All the mapping id should entitle the wfc or whatever to is to get the address of contiguous memory to copy its next set of optimized parameters from. It is not assumed that is strored in one vector of std::pair because that either means lots of copies or bad flexibility in the optimizer design.

markdewing commented 2 years ago

Some thoughts on a redesign of VariableSet.

The insert method should take a reference (or pointer) instead of a value. And a size (since it could refer to a group of values). Storing a reference (or pointer) to the underlying value could result in some major changes to how the class is used.

The prototype would look something like this: insert(const std::string &vname, value_type& v, size_t size, bool enable=true, int type=OTHER_P);

Local and intermediate copies of VariableSet would no longer be necessary.

The calling sequence could also be simplified. The call to checkInVariables that accumulates all the parameters would need to stay. The call to checkOutVariables would no longer be necessary. The call to resetParameters would still be needed because some components have to perform some computation on the parameters to create values actually used in evaluation. It would no longer need to pass the updated values.

I'm still not sure how to handle the hierarchy. The conversion to a linear index for the optimizer could happen entirely internal to VariableSet.

ye-luo commented 2 years ago

VariableSet to serve both WFC local use and TWF global use is just not necessary. I feel bad about checkIn, checkOut and resetParam. CheckOut needs to update each WFC its offset to the global array is also unnecessary. We can just have just check to return a vector of references to the variable parameter data structure in each component.

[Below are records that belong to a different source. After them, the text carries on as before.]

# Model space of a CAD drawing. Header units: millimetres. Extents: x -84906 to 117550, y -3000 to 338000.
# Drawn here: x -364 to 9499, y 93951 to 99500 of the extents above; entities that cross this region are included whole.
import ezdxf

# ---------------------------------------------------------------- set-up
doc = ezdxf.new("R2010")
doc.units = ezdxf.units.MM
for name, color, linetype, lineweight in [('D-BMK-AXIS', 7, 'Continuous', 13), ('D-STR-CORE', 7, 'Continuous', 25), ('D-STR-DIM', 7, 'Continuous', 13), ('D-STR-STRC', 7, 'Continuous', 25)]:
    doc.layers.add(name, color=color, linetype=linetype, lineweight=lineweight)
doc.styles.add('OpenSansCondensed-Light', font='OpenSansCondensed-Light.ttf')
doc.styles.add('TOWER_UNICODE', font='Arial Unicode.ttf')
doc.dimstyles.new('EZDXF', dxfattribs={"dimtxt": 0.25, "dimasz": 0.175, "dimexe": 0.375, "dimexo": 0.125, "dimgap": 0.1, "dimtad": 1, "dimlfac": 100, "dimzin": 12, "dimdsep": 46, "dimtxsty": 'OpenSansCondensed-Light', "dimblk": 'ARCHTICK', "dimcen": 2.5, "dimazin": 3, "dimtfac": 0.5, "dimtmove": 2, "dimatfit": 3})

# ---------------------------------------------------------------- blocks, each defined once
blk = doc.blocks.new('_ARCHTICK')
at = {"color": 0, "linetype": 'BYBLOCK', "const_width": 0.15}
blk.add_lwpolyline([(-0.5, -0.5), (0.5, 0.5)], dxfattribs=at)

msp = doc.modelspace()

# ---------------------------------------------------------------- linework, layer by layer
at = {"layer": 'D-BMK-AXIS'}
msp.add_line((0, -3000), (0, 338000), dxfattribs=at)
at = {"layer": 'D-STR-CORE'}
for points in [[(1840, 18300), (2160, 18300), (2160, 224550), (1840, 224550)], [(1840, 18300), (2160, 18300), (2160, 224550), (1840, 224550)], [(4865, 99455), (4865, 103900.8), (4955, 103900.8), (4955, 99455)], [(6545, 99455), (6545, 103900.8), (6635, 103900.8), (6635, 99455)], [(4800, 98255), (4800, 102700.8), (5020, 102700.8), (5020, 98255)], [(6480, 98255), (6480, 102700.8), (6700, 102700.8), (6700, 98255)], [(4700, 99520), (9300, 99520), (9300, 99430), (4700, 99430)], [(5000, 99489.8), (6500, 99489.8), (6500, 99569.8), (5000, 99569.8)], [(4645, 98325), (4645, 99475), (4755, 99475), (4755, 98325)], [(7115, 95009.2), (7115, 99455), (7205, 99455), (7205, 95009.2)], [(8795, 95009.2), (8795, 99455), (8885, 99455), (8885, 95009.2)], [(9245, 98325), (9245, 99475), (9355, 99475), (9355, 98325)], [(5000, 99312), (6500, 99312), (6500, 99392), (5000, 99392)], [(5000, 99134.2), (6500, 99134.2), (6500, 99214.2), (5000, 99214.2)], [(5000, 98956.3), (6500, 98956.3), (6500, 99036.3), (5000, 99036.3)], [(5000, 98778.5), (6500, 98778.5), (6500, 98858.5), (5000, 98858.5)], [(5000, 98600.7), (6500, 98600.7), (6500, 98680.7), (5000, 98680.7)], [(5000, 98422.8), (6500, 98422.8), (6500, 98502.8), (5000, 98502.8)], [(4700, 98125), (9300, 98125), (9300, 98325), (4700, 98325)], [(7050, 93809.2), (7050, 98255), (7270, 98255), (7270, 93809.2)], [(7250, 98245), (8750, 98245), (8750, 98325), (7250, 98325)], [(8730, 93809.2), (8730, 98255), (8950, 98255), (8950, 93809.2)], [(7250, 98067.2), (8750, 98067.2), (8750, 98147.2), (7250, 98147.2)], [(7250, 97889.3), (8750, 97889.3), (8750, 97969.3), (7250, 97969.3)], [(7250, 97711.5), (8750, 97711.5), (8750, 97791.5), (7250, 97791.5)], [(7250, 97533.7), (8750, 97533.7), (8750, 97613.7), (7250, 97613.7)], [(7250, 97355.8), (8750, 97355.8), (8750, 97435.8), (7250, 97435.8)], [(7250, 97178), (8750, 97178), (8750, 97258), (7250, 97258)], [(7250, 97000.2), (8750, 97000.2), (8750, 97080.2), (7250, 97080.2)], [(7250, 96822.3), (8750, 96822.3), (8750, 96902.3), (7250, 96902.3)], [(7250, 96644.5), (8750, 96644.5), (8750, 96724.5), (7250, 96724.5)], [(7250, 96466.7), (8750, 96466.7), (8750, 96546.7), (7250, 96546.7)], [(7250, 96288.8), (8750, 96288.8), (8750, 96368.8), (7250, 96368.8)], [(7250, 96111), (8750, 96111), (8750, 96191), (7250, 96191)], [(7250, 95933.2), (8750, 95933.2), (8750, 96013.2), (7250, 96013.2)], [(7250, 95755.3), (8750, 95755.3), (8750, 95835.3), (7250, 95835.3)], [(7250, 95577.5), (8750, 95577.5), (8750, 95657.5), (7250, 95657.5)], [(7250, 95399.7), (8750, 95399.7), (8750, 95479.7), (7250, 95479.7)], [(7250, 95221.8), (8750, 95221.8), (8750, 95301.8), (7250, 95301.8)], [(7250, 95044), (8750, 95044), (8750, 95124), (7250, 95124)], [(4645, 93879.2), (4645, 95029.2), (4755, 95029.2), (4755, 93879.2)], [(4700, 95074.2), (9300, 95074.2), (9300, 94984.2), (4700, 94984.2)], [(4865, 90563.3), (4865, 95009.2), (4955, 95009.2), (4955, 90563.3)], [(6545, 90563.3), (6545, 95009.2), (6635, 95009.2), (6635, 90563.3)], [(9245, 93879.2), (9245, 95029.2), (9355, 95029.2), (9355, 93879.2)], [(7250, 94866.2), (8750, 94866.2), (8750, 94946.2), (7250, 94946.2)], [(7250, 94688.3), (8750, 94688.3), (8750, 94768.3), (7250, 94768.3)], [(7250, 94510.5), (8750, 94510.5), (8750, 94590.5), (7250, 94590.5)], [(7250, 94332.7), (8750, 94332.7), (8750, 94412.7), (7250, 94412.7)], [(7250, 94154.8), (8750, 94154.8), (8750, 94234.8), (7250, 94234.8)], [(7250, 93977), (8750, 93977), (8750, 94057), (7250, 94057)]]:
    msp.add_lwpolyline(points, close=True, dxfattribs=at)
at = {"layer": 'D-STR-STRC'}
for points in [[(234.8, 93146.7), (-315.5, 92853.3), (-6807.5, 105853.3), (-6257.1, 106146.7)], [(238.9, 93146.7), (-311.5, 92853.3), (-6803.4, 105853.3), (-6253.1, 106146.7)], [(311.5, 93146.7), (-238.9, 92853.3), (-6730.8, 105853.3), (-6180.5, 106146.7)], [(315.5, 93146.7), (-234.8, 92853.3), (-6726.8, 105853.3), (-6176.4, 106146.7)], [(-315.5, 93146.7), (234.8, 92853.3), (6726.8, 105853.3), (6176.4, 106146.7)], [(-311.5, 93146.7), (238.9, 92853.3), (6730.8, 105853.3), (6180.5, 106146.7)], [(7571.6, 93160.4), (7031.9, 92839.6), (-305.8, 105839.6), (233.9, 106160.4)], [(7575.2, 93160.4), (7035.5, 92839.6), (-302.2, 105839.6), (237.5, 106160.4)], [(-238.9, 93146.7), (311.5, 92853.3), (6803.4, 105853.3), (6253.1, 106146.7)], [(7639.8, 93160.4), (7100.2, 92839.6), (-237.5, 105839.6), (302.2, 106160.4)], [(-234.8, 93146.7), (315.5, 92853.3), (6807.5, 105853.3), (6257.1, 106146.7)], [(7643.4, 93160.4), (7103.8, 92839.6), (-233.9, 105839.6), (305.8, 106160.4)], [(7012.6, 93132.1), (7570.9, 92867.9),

We can reset parameters without resetParam but we may need an API to update some internal parameter of the WFC after updating variable parameters.

I finished typing the above without reading what @markdewing wrote but it looks largely the same idea.

I was actually think of keeping VariableSet stored locally in each WFC as the data structure to interact with the Opt driver. It doesn't need to copy values but just keep a list of name, pointer and size.

markdewing commented 7 months ago

If the eigenvalue problem is solved with an iterative solver ( https://github.com/QMCPACK/qmcpack/issues/3788#issuecomment-2037803419 ) , then the fillOverlapHamiltonianMatrices function becomes the performance bottleneck when increasing the number of parameters. It scales as $N_s * N_p ^2$, where $N_s$ is the number of samples and $N_p$ is the number of parameters. It is structurally similar to a matrix multiply in terms of loops and memory accesses. (I haven't looked to see if the operations can be rearranged to be actual BLAS operations)

The rot_det_speedup branch contains some prototypes for offloaded versions of fillOverlapHamiltonianMatrices.

The function has also been extracted to qmc_kernels as the fill_matrices kernel.